» **Goal of the exercise**:
Copy out exactly the lines below that run from the one holding "Complex to Magnitude-Angle/2" to the one holding "Math functions/1 ->", keeping both of those lines and no others.

» **Given entries**:
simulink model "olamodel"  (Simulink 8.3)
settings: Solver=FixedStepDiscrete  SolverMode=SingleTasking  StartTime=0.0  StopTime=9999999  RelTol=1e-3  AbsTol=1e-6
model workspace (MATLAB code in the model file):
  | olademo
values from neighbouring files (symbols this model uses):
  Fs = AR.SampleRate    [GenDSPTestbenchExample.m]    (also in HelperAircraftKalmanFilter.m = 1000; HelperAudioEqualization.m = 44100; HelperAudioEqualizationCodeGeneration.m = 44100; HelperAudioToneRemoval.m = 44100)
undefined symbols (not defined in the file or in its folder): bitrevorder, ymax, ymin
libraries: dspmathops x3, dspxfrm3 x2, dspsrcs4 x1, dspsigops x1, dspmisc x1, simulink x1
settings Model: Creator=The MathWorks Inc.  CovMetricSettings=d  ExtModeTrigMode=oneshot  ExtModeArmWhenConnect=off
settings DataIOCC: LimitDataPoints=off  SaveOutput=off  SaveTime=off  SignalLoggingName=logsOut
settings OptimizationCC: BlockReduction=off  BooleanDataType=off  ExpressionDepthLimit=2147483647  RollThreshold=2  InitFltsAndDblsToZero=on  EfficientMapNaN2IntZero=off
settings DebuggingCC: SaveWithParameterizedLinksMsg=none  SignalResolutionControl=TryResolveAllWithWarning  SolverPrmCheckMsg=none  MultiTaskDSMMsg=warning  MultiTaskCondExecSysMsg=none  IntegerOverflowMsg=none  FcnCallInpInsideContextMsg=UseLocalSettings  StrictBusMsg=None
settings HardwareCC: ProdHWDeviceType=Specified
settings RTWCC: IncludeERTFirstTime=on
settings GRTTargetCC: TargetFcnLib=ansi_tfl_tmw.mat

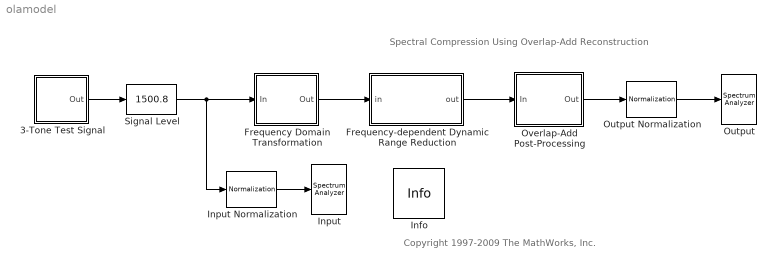
== system olamodel ==
  note: Spectral Compression
      | Using Overlap-Add Reconstruction
  note: Copyright 1997-2009 The MathWorks, Inc.
  3-Tone Test Signal : Subsystem
  Frequency Domain Transformation : Subsystem
  Frequency-dependent Dynamic Range Reduction : Subsystem  mask(Complex Compression){}
      mask Display: disp('Frequency\n\nCompression');
  Info : dspmisc/Info  SystemSampleTime=-1
  Input : SpectrumAnalyzer  ScopeSpecification=DataTag0
  Input Normalization : dspmathops/Normalization  NormType=2-norm  Bias=1e-10  NormOver=Each column  ColComp=on  Dimension=1  outputDataTypeStr=Inherit: Same as accumulator  outputLastDataTypeStr=Inherit: Same as accumulator  outputMin=[]  outputMax=[]  accumDataTypeStr=Inherit: Same as product output  accumLastDataTypeStr=Inherit: Same as product output  roundingMode=Floor  overflowMode=off
  Output : SpectrumAnalyzer  ScopeSpecification=DataTag1
  Output Normalization : dspmathops/Normalization  NormType=2-norm  Bias=1e-10  NormOver=Each column  ColComp=on  Dimension=1  outputDataTypeStr=Inherit: Same as accumulator  outputLastDataTypeStr=Inherit: Same as accumulator  outputMin=[]  outputMax=[]  accumDataTypeStr=Inherit: Same as product output  accumLastDataTypeStr=Inherit: Same as product output  roundingMode=Floor  overflowMode=off
  Overlap-Add Post-Processing : Subsystem
  Signal Level : simulink/Math Operations/Slider Gain  low=1  gain=1500.8  high=7500
  wires:
  Frequency Domain Transformation/1(Out) -> Frequency-dependent Dynamic Range Reduction/1(in)
  Frequency-dependent Dynamic Range Reduction/1(out) -> Overlap-Add Post-Processing/1(In)
  3-Tone Test Signal/1(Out) -> Signal Level/1
  Input Normalization/1 -> Input/1
  Output Normalization/1 -> Output/1
  Overlap-Add Post-Processing/1(Out) -> Output Normalization/1
  Signal Level/1 -> Input Normalization/1, Frequency Domain Transformation/1(In)

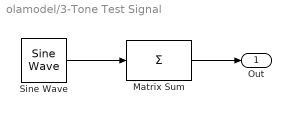
== system olamodel/3-Tone Test Signal ==
  Matrix Sum : Sum  Inputs=+  CollapseMode=Specified dimension  CollapseDim=2  OutDataTypeStr=Inherit: Same as first input
  Sine Wave : dspsrcs4/Sine Wave  Amplitude=1  Frequency=[1024 2048 3072]  Phase=0  SampleMode=Discrete  OutComplex=Real  CompMethod=Trigonometric fcn  TableSize=Speed  SampleTime=1/Fs  SamplesPerFrame=64  ResetState=Restart at time zero  dataType=double  wordLen=16  udDataType=sfix(16)  fracBitsMode=Best precision  numFracBits=15  OutDataTypeStr=double  LastOutDataTypeStr=double
  Out : Outport
  wires:
  Sine Wave/1 -> Matrix Sum/1
  Matrix Sum/1 -> Out/1

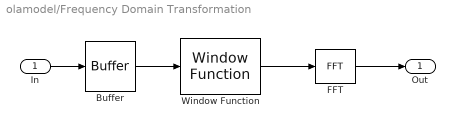
== system olamodel/Frequency Domain Transformation ==
  In : Inport
  Buffer : Buffer  N=256  V=192  TreatMby1Signals=One channel
  FFT : dspxfrm3/FFT  CompMethod=Table lookup  TableOpt=NEW  TableOptActive=Speed  BitRevOrder=on  InheritFFTLength=on  FFTLength=64  WrapInput=on  RowConvenienceOn=on  FFTImplementation=Auto  SkipNorm=off  firstCoeffMode=Specify word length  firstCoeffWordLength=16  firstCoeffFracLength=15  firstCoeffDataTypeStr=fixdt(1,16)  firstCoeffLastDataTypeStr=fixdt(1,16)  outputMin=[]  outputMax=[]  accumDataTypeStr=Inherit: Same as product output  accumLastDataTypeStr=Inherit: Same as product output  roundingMode=Floor  overflowMode=off
  Window Function : dspsigops/Window Function  winmode=Apply window to input  wintype=Hamming  sampmode=Continuous  samptime=1  N=64  Rs=50  beta=10  winsamp=Symmetric  UserWindow=hamming  OptParams=off  UserParams={1.0}  RowConvenienceOn=on  dataType=double  isSigned=on  wordLen=16  udDataType=sfix(16)  fracBitsMode=Best precision  numFracBits=15  roundingMode=Floor  overflowMode=off  numSidelobes=4  sidelobeLevel=-30
  Out : Outport
  wires:
  Buffer/1 -> Window Function/1
  Window Function/1 -> FFT/1
  In/1 -> Buffer/1
  FFT/1 -> Out/1

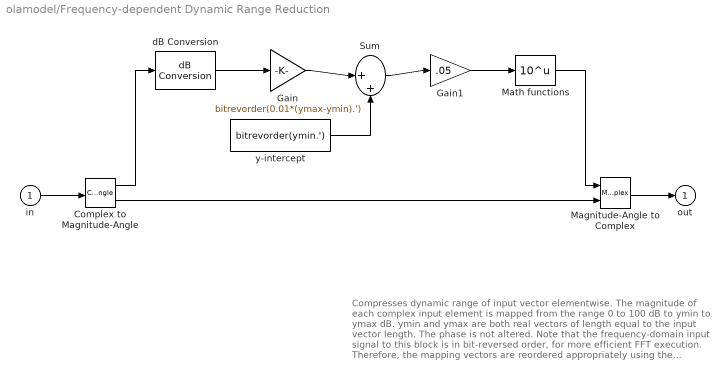
== system olamodel/Frequency-dependent Dynamic Range Reduction ==
  note: Compresses dynamic range of input vector elementwise.
      |
      |  The magnitude of each complex input element is mapped from the range
      |  0 to 100 dB to ymin to ymax dB. ymin and ymax are both real vectors
      | of length equal to the input vector length.  The phase is not altered.
      |
      | Note that the frequency-domain input signal to this block is in
      | bit-reversed order, for more efficient FFT execution.  Therefore, the
      | mapping vectors are reordered appropriately using the "bitrevorder"
      | function in the constant and gain block parameters above.
  in : Inport
  Complex to Magnitude-Angle : ComplexToMagnitudeAngle
  Gain : Gain  Gain=bitrevorder(0.01*(ymax-ymin).')  SaturateOnIntegerOverflow=on  OutDataTypeStr=Inherit: Same as input  ParamDataTypeStr=Inherit: Same as input
  Gain1 : Gain  Gain=.05  SaturateOnIntegerOverflow=on  OutDataTypeStr=Inherit: Same as input  ParamDataTypeStr=Inherit: Same as input
  Magnitude-Angle to Complex : MagnitudeAngleToComplex
  Math functions : Math  Operator=10^u  SaturateOnIntegerOverflow=on
  Sum : Sum  Inputs=|++  SaturateOnIntegerOverflow=on  InputSameDT=on  OutDataTypeStr=Inherit: Same as first input
  dB Conversion : dspmathops/dB Conversion  dBtype=dB  intype=Amplitude  R=1  fuzz=on
  y-intercept : Constant  Value=bitrevorder(ymin.')  VectorParams1D=off
  out : Outport
  wires:
  Complex to Magnitude-Angle/2 -> Magnitude-Angle to Complex/2
  in/1 -> Complex to Magnitude-Angle/1
  Magnitude-Angle to Complex/1 -> out/1
  dB Conversion/1 -> Gain/1
  Gain/1 -> Sum/1
  Sum/1 -> Gain1/1
  y-intercept/1 -> Sum/2
  Gain1/1 -> Math functions/1
  Complex to Magnitude-Angle/1 -> dB Conversion/1
  Math functions/1 -> Magnitude-Angle to Complex/1

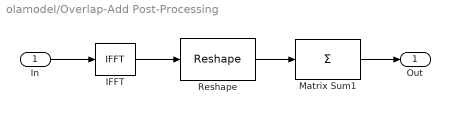
== system olamodel/Overlap-Add Post-Processing ==
  In : Inport
  IFFT : dspxfrm3/IFFT  CompMethod=Table lookup  TableOpt=HYBRID  TableOptActive=Speed  BitRevOrder=on  cs_in=on  SkipNorm=on  InheritFFTLength=on  FFTLength=64  WrapInput=on  mode=Real  outSamplingMode=Frame based  RowConvenienceOn=on  FFTImplementation=Auto  firstCoeffMode=Specify word length  firstCoeffWordLength=16  firstCoeffFracLength=15  firstCoeffDataTypeStr=fixdt(1,16)  firstCoeffLastDataTypeStr=fixdt(1,16)  outputMin=[]  outputMax=[]  accumDataTypeStr=Inherit: Same as product output  accumLastDataTypeStr=Inherit: Same as product output  roundingMode=Floor  overflowMode=off
  Matrix Sum1 : Sum  Inputs=+  CollapseMode=Specified dimension  CollapseDim=2  OutDataTypeStr=Inherit: Same as first input
  Reshape : Reshape  OutputDimensionality=Customize  OutputDimensions=[64 4]
  Out : Outport
  wires:
  Reshape/1 -> Matrix Sum1/1
  IFFT/1 -> Reshape/1
  Matrix Sum1/1 -> Out/1
  In/1 -> IFFT/1
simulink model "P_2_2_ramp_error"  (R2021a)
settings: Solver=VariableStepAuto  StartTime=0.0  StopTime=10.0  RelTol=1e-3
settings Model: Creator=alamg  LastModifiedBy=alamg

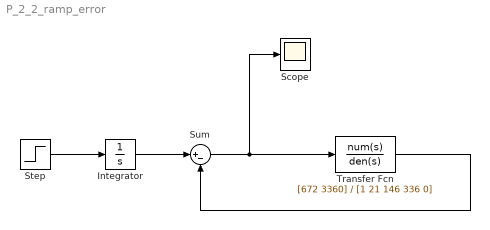
== system P_2_2_ramp_error ==
  Integrator : Integrator
  Scope : Scope
  Step : Step  SampleTime=0
  Sum : Sum  Inputs=|+-
  Transfer Fcn : TransferFcn  Numerator=[672 3360]  Denominator=[1 21 146 336 0]
  wires:
  Sum/1 -> Transfer Fcn/1, Scope/1
  Transfer Fcn/1 -> Sum/2
  Integrator/1 -> Sum/1
  Step/1 -> Integrator/1
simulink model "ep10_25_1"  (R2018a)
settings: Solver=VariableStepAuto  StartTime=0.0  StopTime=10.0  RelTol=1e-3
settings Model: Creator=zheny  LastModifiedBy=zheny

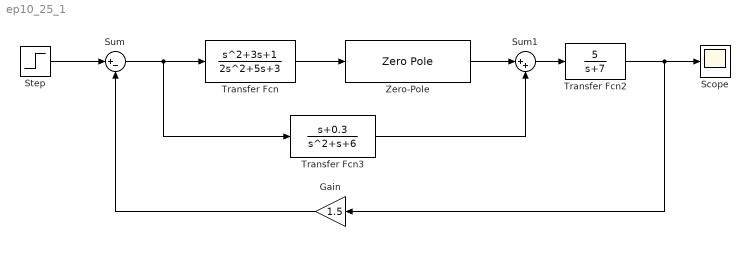
== system ep10_25_1 ==
  Gain : Gain  Gain=1.5
  Scope : Scope
  Step : Step  SampleTime=0
  Sum : Sum  Inputs=|+-
  Sum1 : Sum  Inputs=|++
  Transfer Fcn : TransferFcn  Numerator=[1 3 1]  Denominator=[2 5 3]
  Transfer Fcn2 : TransferFcn  Numerator=[5]  Denominator=[1 7]
  Transfer Fcn3 : TransferFcn  Numerator=[1 0.3]  Denominator=[1 1 6]
  Zero-Pole : ZeroPole  Zeros=-1  Poles=[-2 -10]  Gain=2
  wires:
  Step/1 -> Sum/1
  Sum/1 -> Transfer Fcn3/1, Transfer Fcn/1
  Transfer Fcn/1 -> Zero-Pole/1
  Zero-Pole/1 -> Sum1/1
  Sum1/1 -> Transfer Fcn2/1
  Transfer Fcn2/1 -> Scope/1, Gain/1
  Transfer Fcn3/1 -> Sum1/2
  Gain/1 -> Sum/2

» **Task answer**:
  Complex to Magnitude-Angle/2 -> Magnitude-Angle to Complex/2
  in/1 -> Complex to Magnitude-Angle/1
  Magnitude-Angle to Complex/1 -> out/1
  dB Conversion/1 -> Gain/1
  Gain/1 -> Sum/1
  Sum/1 -> Gain1/1
  y-intercept/1 -> Sum/2
  Gain1/1 -> Math functions/1
  Complex to Magnitude-Angle/1 -> dB Conversion/1
  Math functions/1 -> Magnitude-Angle to Complex/1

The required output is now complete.